Un an plus tard, c’est à la terrasse (chauffée) d’un café de la cité ardente que nous retrouvons Sandrine Cox. mais cette fois, on remarque imédiatement que le sourire illumine son visage. "Ma situation est meilleure que l’année dernière" explique-t-elle. "Je fais toujours autant attention qu’avant à mes dépenses, mais je peux désormais m’en permettre un peu plus."
L’année 2009 a en effet été ponctuée de plusieurs évènements heureux. D’abord, l’arrivée du chauffage central dans la maison, qui a considérablement amélioré l’ordinaire, et permet à sa fille de passer sa période de blocus dans une atmosphère nettement plus propice aux études que l’hiver dernier. Ensuite, et surtout, l’arrivée d’un nouveau compagnon. Un compagnon ayant des fins de mois moins difficiles que Sandrine et un talent particulier pour la cuisine.
Alors que l’année dernière, Sandrine n’achetait que très rarement de la viande, et ne chargeait son caddie que de produits en promotion, elle peut désormais profiter plus souvent de bons repas, lorsque son compagnon se propose de faire les courses et de venir lui en concocter un. "Parfois aussi il m’invite au restaurant. Avec lui je peux désormais sortir dans des endroits où je ne mettais plus les pieds depuis longtemps."
Le quotidien est donc meilleur que l’an dernier. Mais Sandrine Cox est loin de rouler sur l’or pour autant. Jamais un euro n’est dépensé inutilement, au point de se priver de passer au distributeur pour éviter d’être tentée de faire des dépenses inutiles.
Priorité des priorités, les factures et l’indispensable pour sa fille. "Si après ça, il reste encore un petit quelque chose pour se faire plaisir, on le fait." Mais certains plaisirs devront attendre encore quelques années pour se matérialiser. Si Sandrine épargne depuis plusieurs années toutes les rentrées d’argent exceptionnelles (retour des contributions, 13e mois...) en vue de grosses dépenses prévisibles (assurance auto, minerval pour les études de sa fille...), il lui est très difficile d’amasser suffisamment d’argent pour effectuer, en une fois, les nombreux travaux que sa maison nécessite encore.

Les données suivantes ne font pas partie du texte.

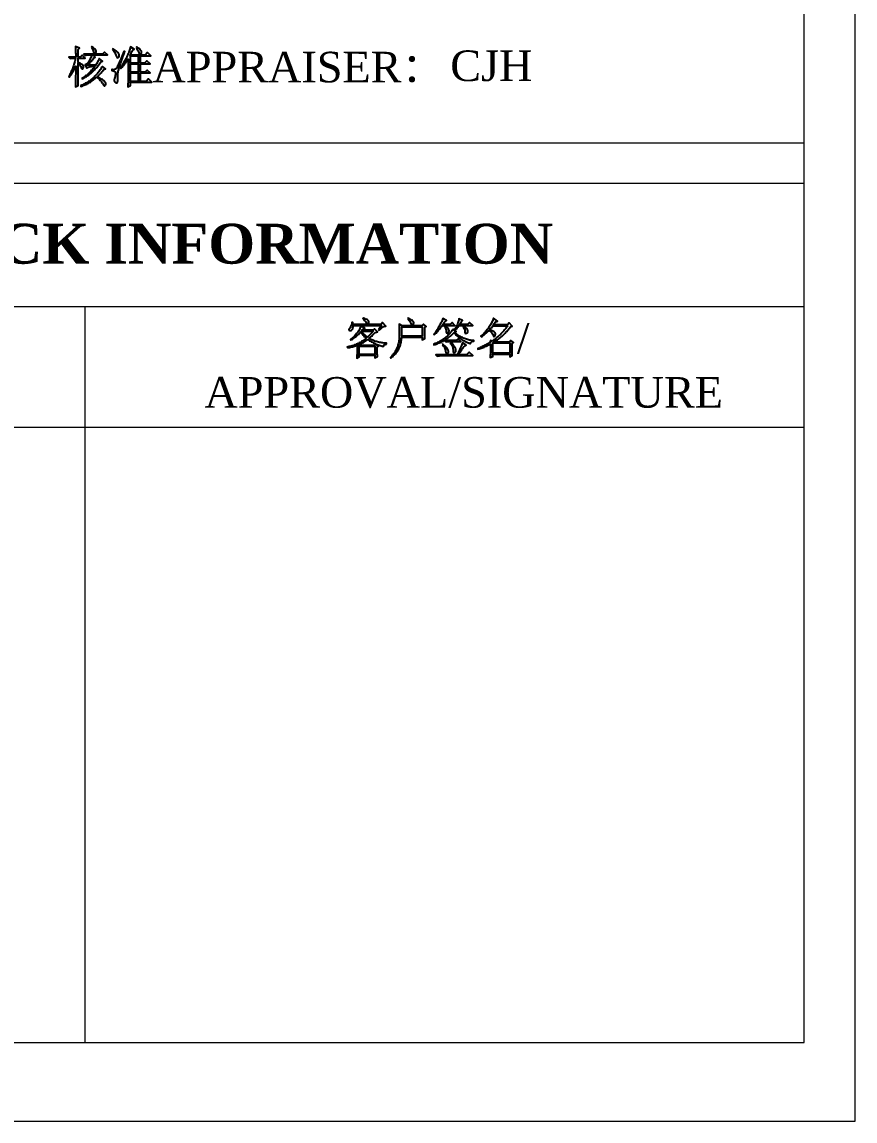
# Model space of a CAD drawing. Header units: millimetres. Extents: x 1653 to 3206, y -200 to 97.
# Drawn here: x 1782.6 to 1858.6, y -199.6 to -99.3 of the extents above; entities that cross this region are included whole.
import ezdxf

# ---------------------------------------------------------------- set-up
doc = ezdxf.new("R2010")
doc.units = ezdxf.units.MM
doc.header["$LTSCALE"] = 3
doc.styles.add('WMF-Times New Roman0', font='TIMESBD.TTF')
doc.styles.add('WMF-Times New Roman1', font='TIMES.TTF')

# ---------------------------------------------------------------- blocks, each defined once
blk = doc.blocks.new('XY')
at = {"lineweight": 20}
blk.add_lwpolyline([(0, 297), (0, 0), (205.21, 0), (205.21, 297)], close=True, dxfattribs=at)
at = {"color": 7, "lineweight": 20}
blk.add_lwpolyline([(6.18, 248.08), (6.18, 7.16), (200.58, 7.16), (200.58, 248.08)], close=True, dxfattribs=at)
at = {"color": 7}
for points in [[(134.07, 98), (134.08, 97.9), (134.08, 97.81), (134.08, 97.71), (134.08, 97.61), (134.08, 97.52), (134.09, 97.42), (134.09, 97.31), (134.09, 97.13), (133.47, 97.13), (133.59, 97), (133.73, 97.05), (134.07, 97.05), (134.05, 96.95), (134.03, 96.84), (134, 96.74), (133.98, 96.64), (133.95, 96.54), (133.92, 96.45), (133.89, 96.35), (133.86, 96.26), (133.83, 96.16), (133.79, 96.07), (133.76, 95.98), (133.72, 95.9), (133.68, 95.81), (133.64, 95.72), (133.6, 95.64), (133.56, 95.56), (133.52, 95.48), (133.48, 95.4), (133.45, 95.36), (133.48, 95.31), (133.54, 95.38), (133.6, 95.46), (133.65, 95.53), (133.71, 95.61), (133.76, 95.69), (133.81, 95.77), (133.86, 95.86), (133.91, 95.94), (133.95, 96.03), (134, 96.12), (134.04, 96.22), (134.08, 96.31), (134.09, 96.32), (134.09, 96.02), (134.09, 95.92), (134.09, 95.82), (134.09, 95.72), (134.09, 95.62), (134.08, 95.42), (134.08, 95.23), (134.08, 95.13), (134.08, 95.03), (134.08, 94.94), (134.08, 94.84), (134.08, 94.74), (134.08, 94.65), (134.07, 94.55), (134.07, 94.46), (134.07, 94.43), (134.32, 94.55), (134.32, 94.69), (134.31, 94.82), (134.31, 94.93), (134.31, 95.03), (134.31, 95.12), (134.3, 95.2), (134.3, 96.57), (134.37, 96.51), (134.43, 96.44), (134.48, 96.36), (134.54, 96.27), (134.58, 96.19), (134.64, 96.09), (134.7, 96.05), (134.74, 96.07), (134.78, 96.13), (134.8, 96.23), (134.8, 96.32), (134.76, 96.39), (134.74, 96.41), (134.69, 96.46), (134.62, 96.5), (134.53, 96.55), (134.43, 96.59), (134.32, 96.64), (134.3, 96.65), (134.3, 97.05), (134.94, 97.05), (134.68, 97.31), (134.49, 97.13), (134.3, 97.13), (134.3, 97.83), (134.43, 97.95), (134.07, 98.09)], [(136.54, 97.41), (134.82, 97.41), (134.94, 97.28), (135.08, 97.33), (135.58, 97.33), (135.54, 97.24), (135.5, 97.15), (135.46, 97.07), (135.42, 96.98), (135.37, 96.89), (135.32, 96.81), (135.28, 96.75), (135.21, 96.64), (135.14, 96.56), (135.07, 96.5), (135, 96.45), (134.94, 96.43), (135.08, 96.14), (135.12, 96.17), (135.17, 96.2), (135.23, 96.22), (135.31, 96.25), (135.41, 96.27), (135.52, 96.29), (135.64, 96.31), (135.78, 96.33), (135.87, 96.34), (135.81, 96.25), (135.74, 96.17), (135.68, 96.09), (135.61, 96.01), (135.54, 95.94), (135.47, 95.86), (135.4, 95.79), (135.33, 95.72), (135.27, 95.66), (135.19, 95.59), (135.12, 95.53), (135.05, 95.47), (134.98, 95.41), (134.9, 95.36), (134.83, 95.3), (134.75, 95.25), (134.68, 95.2), (134.69, 95.14), (134.77, 95.18), (134.85, 95.23), (134.93, 95.27), (135.01, 95.32), (135.08, 95.37), (135.16, 95.42), (135.23, 95.47), (135.31, 95.53), (135.38, 95.59), (135.46, 95.65), (135.53, 95.71), (135.6, 95.77), (135.67, 95.84), (135.74, 95.91), (135.81, 95.98), (135.87, 96.05), (135.94, 96.12), (136.01, 96.2), (136.07, 96.28), (136.14, 96.36), (136.2, 96.44), (136.26, 96.53), (136.33, 96.61), (136.38, 96.69), (136.54, 96.76), (136.24, 97), (136.2, 96.9), (136.16, 96.81), (136.12, 96.73), (136.1, 96.69), (136.05, 96.62), (136, 96.54), (135.94, 96.45), (135.92, 96.41), (135.17, 96.41), (135.23, 96.47), (135.3, 96.53), (135.36, 96.6), (135.42, 96.67), (135.49, 96.74), (135.55, 96.82), (135.62, 96.9), (135.68, 96.99), (135.75, 97.08), (135.75, 97.08), (135.87, 97.14), (135.64, 97.33), (136.99, 97.33), (136.72, 97.59)], [(135.51, 98.04), (135.57, 97.97), (135.62, 97.89), (135.66, 97.8), (135.69, 97.71), (135.72, 97.62), (135.75, 97.52), (135.8, 97.47), (135.85, 97.48), (135.89, 97.52), (135.94, 97.61), (135.95, 97.69), (135.93, 97.77), (135.9, 97.82), (135.84, 97.87), (135.77, 97.93), (135.67, 98), (135.56, 98.07), (135.54, 98.07)], [(138.42, 97.49), (138.36, 97.33), (138.3, 97.19), (138.24, 97.05), (138.18, 96.92), (138.13, 96.8), (138.08, 96.69), (138.03, 96.58), (137.99, 96.49), (137.95, 96.4), (137.91, 96.32), (137.87, 96.25), (137.84, 96.19), (137.81, 96.14), (137.79, 96.1), (137.76, 96.07), (137.74, 96.04), (137.73, 96.02), (137.72, 96.02), (137.64, 96), (137.55, 95.98), (137.44, 95.99), (137.37, 96), (137.37, 95.92), (137.5, 95.88), (137.6, 95.84), (137.66, 95.8), (137.68, 95.79), (137.71, 95.72), (137.71, 95.62), (137.71, 95.55), (137.69, 95.47), (137.68, 95.37), (137.65, 95.27), (137.63, 95.18), (137.61, 95.06), (137.61, 94.97), (137.63, 94.9), (137.64, 94.89), (137.71, 94.83), (137.8, 94.79), (137.82, 94.79), (137.88, 94.79), (137.91, 94.85), (137.93, 94.96), (137.92, 94.98), (137.92, 95.06), (137.92, 95.15), (137.92, 95.34), (137.92, 95.45), (137.92, 95.56), (137.93, 95.6), (137.93, 95.64), (137.94, 95.68), (137.95, 95.73), (137.96, 95.79), (137.97, 95.85), (137.99, 95.92), (138.01, 95.99), (138.03, 96.07), (138.06, 96.16), (138.09, 96.24), (138.12, 96.34), (138.15, 96.44), (138.18, 96.55), (138.22, 96.66), (138.26, 96.78), (138.3, 96.9), (138.35, 97.03), (138.39, 97.16), (138.44, 97.3), (138.5, 97.44), (138.55, 97.59), (138.57, 97.64), (138.49, 97.66)], [(137.45, 97.86), (137.53, 97.75), (137.59, 97.65), (137.65, 97.55), (137.69, 97.47), (137.73, 97.39), (137.76, 97.32), (137.78, 97.25), (137.79, 97.24), (137.83, 97.13), (137.88, 97.08), (137.94, 97.09), (138, 97.14), (138.04, 97.22), (138.06, 97.33), (138.05, 97.38), (138.03, 97.43), (138, 97.48), (137.95, 97.54), (137.88, 97.61), (137.8, 97.68), (137.7, 97.76), (137.59, 97.84), (137.5, 97.9)], [(139.07, 98.01), (139.05, 97.94), (139.03, 97.86), (139, 97.77), (138.97, 97.68), (138.93, 97.58), (138.89, 97.47), (138.84, 97.36), (138.79, 97.25), (138.76, 97.17), (138.72, 97.09), (138.68, 97), (138.63, 96.92), (138.59, 96.84), (138.54, 96.75), (138.49, 96.67), (138.44, 96.58), (138.39, 96.5), (138.34, 96.41), (138.28, 96.33), (138.22, 96.24), (138.16, 96.15), (138.15, 96.14), (138.2, 96.09), (138.26, 96.16), (138.33, 96.23), (138.39, 96.31), (138.45, 96.38), (138.51, 96.46), (138.57, 96.54), (138.63, 96.62), (138.69, 96.7), (138.74, 96.78), (138.8, 96.86), (138.85, 96.94), (138.86, 96.96), (138.86, 95.16), (138.86, 95.1), (138.86, 95.02), (138.86, 94.93), (138.86, 94.82), (138.85, 94.7), (138.85, 94.57), (138.85, 94.43), (139.08, 94.54), (139.08, 94.85), (141.02, 94.85), (140.74, 95.14), (140.51, 94.92), (140.01, 94.92), (140.01, 95.69), (140.89, 95.69), (140.62, 95.95), (140.38, 95.76), (140.01, 95.76), (140.01, 96.51), (140.88, 96.51), (140.58, 96.8), (140.35, 96.58), (140.01, 96.58), (140.01, 97.24), (140.94, 97.24), (140.65, 97.55), (140.43, 97.31), (139.03, 97.31), (139.09, 97.41), (139.14, 97.5), (139.18, 97.58), (139.22, 97.66), (139.28, 97.74), (139.34, 97.82), (139.41, 97.87), (139.08, 98.07)], [(139.61, 98.01), (139.67, 97.9), (139.73, 97.8), (139.78, 97.71), (139.81, 97.63), (139.84, 97.56), (139.86, 97.51), (139.9, 97.4), (139.95, 97.37), (139.99, 97.38), (140.04, 97.43), (140.09, 97.52), (140.1, 97.59), (140.1, 97.63), (140.08, 97.69), (140.04, 97.75), (139.98, 97.81), (139.9, 97.88), (139.8, 97.96), (139.68, 98.04), (139.65, 98.06)], [(139.79, 96.58), (139.08, 96.58), (139.08, 97.24), (139.79, 97.24)], [(139.79, 95.76), (139.08, 95.76), (139.08, 96.51), (139.79, 96.51)], [(136.47, 96.21), (136.42, 96.12), (136.37, 96.04), (136.32, 95.96), (136.26, 95.88), (136.2, 95.8), (136.14, 95.73), (136.08, 95.65), (136.02, 95.58), (135.96, 95.51), (135.89, 95.44), (135.83, 95.38), (135.76, 95.31), (135.69, 95.25), (135.62, 95.19), (135.54, 95.12), (135.47, 95.07), (135.39, 95.01), (135.32, 94.95), (135.24, 94.9), (135.16, 94.85), (135.08, 94.8), (134.99, 94.75), (134.91, 94.7), (134.82, 94.65), (134.73, 94.61), (134.64, 94.57), (134.55, 94.53), (134.54, 94.52), (134.55, 94.46), (134.64, 94.49), (134.74, 94.52), (134.83, 94.56), (134.91, 94.59), (135, 94.63), (135.09, 94.67), (135.17, 94.71), (135.26, 94.76), (135.34, 94.81), (135.43, 94.86), (135.51, 94.91), (135.59, 94.96), (135.67, 95.02), (135.75, 95.08), (135.83, 95.14), (135.9, 95.2), (135.98, 95.27), (136.01, 95.3), (136.1, 95.22), (136.19, 95.15), (136.26, 95.08), (136.33, 95.01), (136.4, 94.94), (136.45, 94.87), (136.5, 94.8), (136.54, 94.73), (136.56, 94.69), (136.62, 94.58), (136.68, 94.52), (136.73, 94.51), (136.78, 94.54), (136.79, 94.57), (136.82, 94.66), (136.82, 94.74), (136.79, 94.83), (136.75, 94.89), (136.71, 94.93), (136.66, 94.98), (136.6, 95.02), (136.53, 95.08), (136.45, 95.13), (136.35, 95.19), (136.24, 95.26), (136.13, 95.33), (136.07, 95.36), (136.14, 95.43), (136.21, 95.5), (136.28, 95.57), (136.34, 95.64), (136.41, 95.71), (136.47, 95.79), (136.54, 95.86), (136.6, 95.94), (136.66, 96.01), (136.8, 96.07), (136.52, 96.29)], [(139.79, 94.92), (139.08, 94.92), (139.08, 95.69), (139.79, 95.69)], [(160.8, 72.81), (160.84, 72.9), (160.85, 72.98), (160.81, 73.06), (160.78, 73.1), (160.72, 73.14), (160.65, 73.18), (160.56, 73.22), (160.46, 73.26), (160.35, 73.3), (160.32, 73.31), (160.29, 73.26), (160.37, 73.18), (160.45, 73.1), (160.51, 73.03), (160.56, 72.95), (160.6, 72.88), (160.61, 72.84), (160.66, 72.76), (160.71, 72.73), (160.77, 72.77)], [(164.38, 73.26), (164.46, 73.18), (164.52, 73.1), (164.57, 73.02), (164.62, 72.94), (164.65, 72.86), (164.65, 72.86), (164.7, 72.74), (164.76, 72.67), (164.8, 72.66), (164.87, 72.7), (164.92, 72.79), (164.94, 72.87), (164.91, 72.95), (164.86, 73.03), (164.81, 73.08), (164.75, 73.13), (164.67, 73.18), (164.58, 73.23), (164.47, 73.28), (164.41, 73.31)], [(167.56, 73.19), (167.52, 73.1), (167.49, 73.01), (167.45, 72.92), (167.4, 72.83), (167.36, 72.74), (167.31, 72.65), (167.27, 72.57), (167.23, 72.5), (167.17, 72.41), (167.12, 72.31), (167.06, 72.23), (167.01, 72.14), (166.95, 72.06), (166.9, 71.99), (166.85, 71.91), (166.79, 71.84), (166.78, 71.83), (166.83, 71.82), (166.9, 71.88), (166.97, 71.94), (167.04, 72.01), (167.1, 72.08), (167.17, 72.16), (167.23, 72.23), (167.3, 72.31), (167.36, 72.4), (167.42, 72.48), (167.48, 72.55), (167.53, 72.62), (167.54, 72.64), (167.7, 72.64), (167.76, 72.54), (167.81, 72.45), (167.85, 72.37), (167.87, 72.3), (167.89, 72.21), (167.9, 72.11), (167.91, 72.05), (167.94, 71.96), (168.01, 71.93), (168.01, 71.93), (168.09, 71.96), (168.15, 72.04), (168.15, 72.05), (168.16, 72.13), (168.15, 72.22), (168.1, 72.31), (168.06, 72.38), (168, 72.45), (167.93, 72.52), (167.85, 72.59), (167.79, 72.64), (168.69, 72.64), (168.44, 72.9), (168.26, 72.72), (167.59, 72.72), (167.65, 72.81), (167.71, 72.9), (167.77, 72.97), (167.84, 73.04), (167.9, 73.09), (167.92, 73.1), (167.59, 73.27)], [(172.19, 73.2), (172.15, 73.11), (172.12, 73.02), (172.07, 72.94), (172.03, 72.85), (171.98, 72.76), (171.93, 72.68), (171.88, 72.59), (171.83, 72.51), (171.77, 72.43), (171.72, 72.35), (171.65, 72.26), (171.58, 72.18), (171.52, 72.1), (171.45, 72.02), (171.39, 71.95), (171.32, 71.88), (171.25, 71.81), (171.19, 71.75), (171.12, 71.69), (171.06, 71.65), (171.11, 71.6), (171.18, 71.64), (171.25, 71.69), (171.33, 71.74), (171.4, 71.8), (171.47, 71.86), (171.54, 71.92), (171.61, 71.98), (171.68, 72.05), (171.75, 72.12), (171.82, 72.19), (171.82, 72.2), (171.91, 72.11), (171.99, 72.03), (172.06, 71.95), (172.11, 71.88), (172.15, 71.81), (172.18, 71.74), (172.18, 71.74), (172.23, 71.65), (172.28, 71.63), (172.33, 71.67), (172.38, 71.76), (172.4, 71.85), (172.4, 71.91), (172.38, 71.95), (172.35, 71.99), (172.29, 72.04), (172.21, 72.09), (172.1, 72.14), (171.98, 72.2), (171.87, 72.25), (171.83, 72.21), (171.88, 72.27), (171.95, 72.35), (172.02, 72.43), (172.08, 72.52), (172.15, 72.61), (173.5, 72.61), (173.45, 72.53), (173.39, 72.45), (173.34, 72.37), (173.28, 72.29), (173.22, 72.22), (173.15, 72.14), (173.09, 72.07), (173.02, 72), (172.95, 71.93), (172.88, 71.86), (172.85, 71.82), (172.77, 71.75), (172.69, 71.68), (172.61, 71.61), (172.54, 71.55), (172.46, 71.48), (172.39, 71.42), (172.31, 71.36), (172.24, 71.31), (172.16, 71.25), (172.1, 71.21), (171.93, 71.27), (171.93, 71.12), (171.85, 71.07), (171.77, 71.02), (171.69, 70.97), (171.61, 70.92), (171.53, 70.87), (171.44, 70.83), (171.36, 70.78), (171.27, 70.74), (171.18, 70.7), (171.09, 70.65), (170.99, 70.61), (170.9, 70.57), (170.81, 70.54), (170.78, 70.53), (170.8, 70.47), (170.9, 70.49), (170.99, 70.52), (171.09, 70.55), (171.18, 70.59), (171.27, 70.62), (171.36, 70.66), (171.45, 70.7), (171.54, 70.73), (171.63, 70.77), (171.72, 70.82), (171.8, 70.86), (171.89, 70.91), (171.93, 70.93), (171.93, 70.38), (171.93, 70.31), (171.93, 70.23), (171.93, 70.14), (171.93, 70.03), (171.92, 69.9), (171.92, 69.76), (171.92, 69.72), (172.15, 69.81), (172.15, 70.02), (173.7, 70.02), (173.7, 69.77), (173.93, 69.89), (173.93, 69.99), (173.92, 70.1), (173.92, 70.19), (173.92, 70.29), (173.92, 70.98), (174.04, 71.07), (173.79, 71.27), (173.67, 71.12), (172.26, 71.12), (172.34, 71.17), (172.42, 71.22), (172.5, 71.28), (172.58, 71.33), (172.66, 71.39), (172.74, 71.45), (172.81, 71.51), (172.89, 71.57), (172.97, 71.64), (173.03, 71.69), (173.09, 71.75), (173.16, 71.81), (173.22, 71.88), (173.29, 71.94), (173.35, 72.01), (173.42, 72.09), (173.49, 72.16), (173.55, 72.24), (173.62, 72.32), (173.68, 72.4), (173.75, 72.48), (173.76, 72.5), (173.93, 72.58), (173.64, 72.86), (173.5, 72.69), (172.2, 72.69), (172.25, 72.77), (172.31, 72.85), (172.37, 72.93), (172.41, 72.98), (172.58, 73.04), (172.23, 73.29)], [(161.37, 70.81), (159.96, 70.81), (159.88, 70.85), (159.95, 70.88), (160.02, 70.92), (160.1, 70.95), (160.18, 71), (160.26, 71.04), (160.35, 71.09), (160.44, 71.15), (160.53, 71.2), (160.63, 71.27), (160.73, 71.33), (160.75, 71.35), (160.83, 71.3), (160.91, 71.24), (161, 71.19), (161.08, 71.14), (161.16, 71.1), (161.25, 71.05), (161.34, 71.01), (161.42, 70.97), (161.51, 70.93), (161.6, 70.89), (161.69, 70.86), (161.79, 70.82), (161.88, 70.79), (161.97, 70.76), (162.07, 70.74), (162.16, 70.71), (162.2, 70.79), (162.25, 70.86), (162.33, 70.91), (162.43, 70.94), (162.46, 70.95), (162.46, 71.01), (162.35, 71.02), (162.24, 71.03), (162.13, 71.04), (162.02, 71.05), (161.92, 71.07), (161.82, 71.08), (161.73, 71.11), (161.63, 71.13), (161.54, 71.16), (161.45, 71.18), (161.36, 71.21), (161.28, 71.25), (161.19, 71.28), (161.11, 71.32), (161.04, 71.36), (160.96, 71.41), (160.89, 71.45), (160.88, 71.46), (160.95, 71.53), (161.02, 71.6), (161.1, 71.67), (161.17, 71.74), (161.24, 71.8), (161.3, 71.87), (161.37, 71.94), (161.44, 72), (161.62, 72.06), (161.36, 72.33), (161.22, 72.19), (160.21, 72.19), (160.29, 72.28), (160.36, 72.34), (160.43, 72.38), (160.47, 72.39), (160.15, 72.61), (160.11, 72.53), (160.07, 72.44), (160.03, 72.36), (159.98, 72.28), (159.93, 72.19), (159.88, 72.11), (159.82, 72.02), (159.78, 71.96), (159.72, 71.89), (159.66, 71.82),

Si l’installation du chauffage central a constitué une étape importante, et sa petite maison, achetée il y a plusieurs années à Herstal "parce que c’était la seule commune où j’avais les moyens d’acquérir quelque chose de convenable", est loin de d’être terminée. "Dans un an ou deux, j’espère avoir assez d’argent pour isoler le toit." Sandrine pourra alors songer à économiser pour partir en vacances. Un plaisir dont elle n’a plus eu l’occasion de profiter depuis très, très longtemps. "Pour ça, j’ai une grosse tirelire dans la cuisine. Quand elle sera pleine, on la cassera et on partira avec ma fille."
1 350 euros par mois, c’est loin d’être la grande vie quand on est deux dans une maison. Mais Sandrine Cox refuse de se plaindre car elle sait que nombre de gens autour d’elle doivent se débrouiller avec beaucoup moins. Contrairement à d’autres, elle ne rêve pas d’être millionnaire mais juste d’avoir suffisamment d’argent pour subvenir à ses besoins sans compter. "Parce que quand on est habitué à vivre comme ça, on apprend à être content avec peu", explique-t-elle.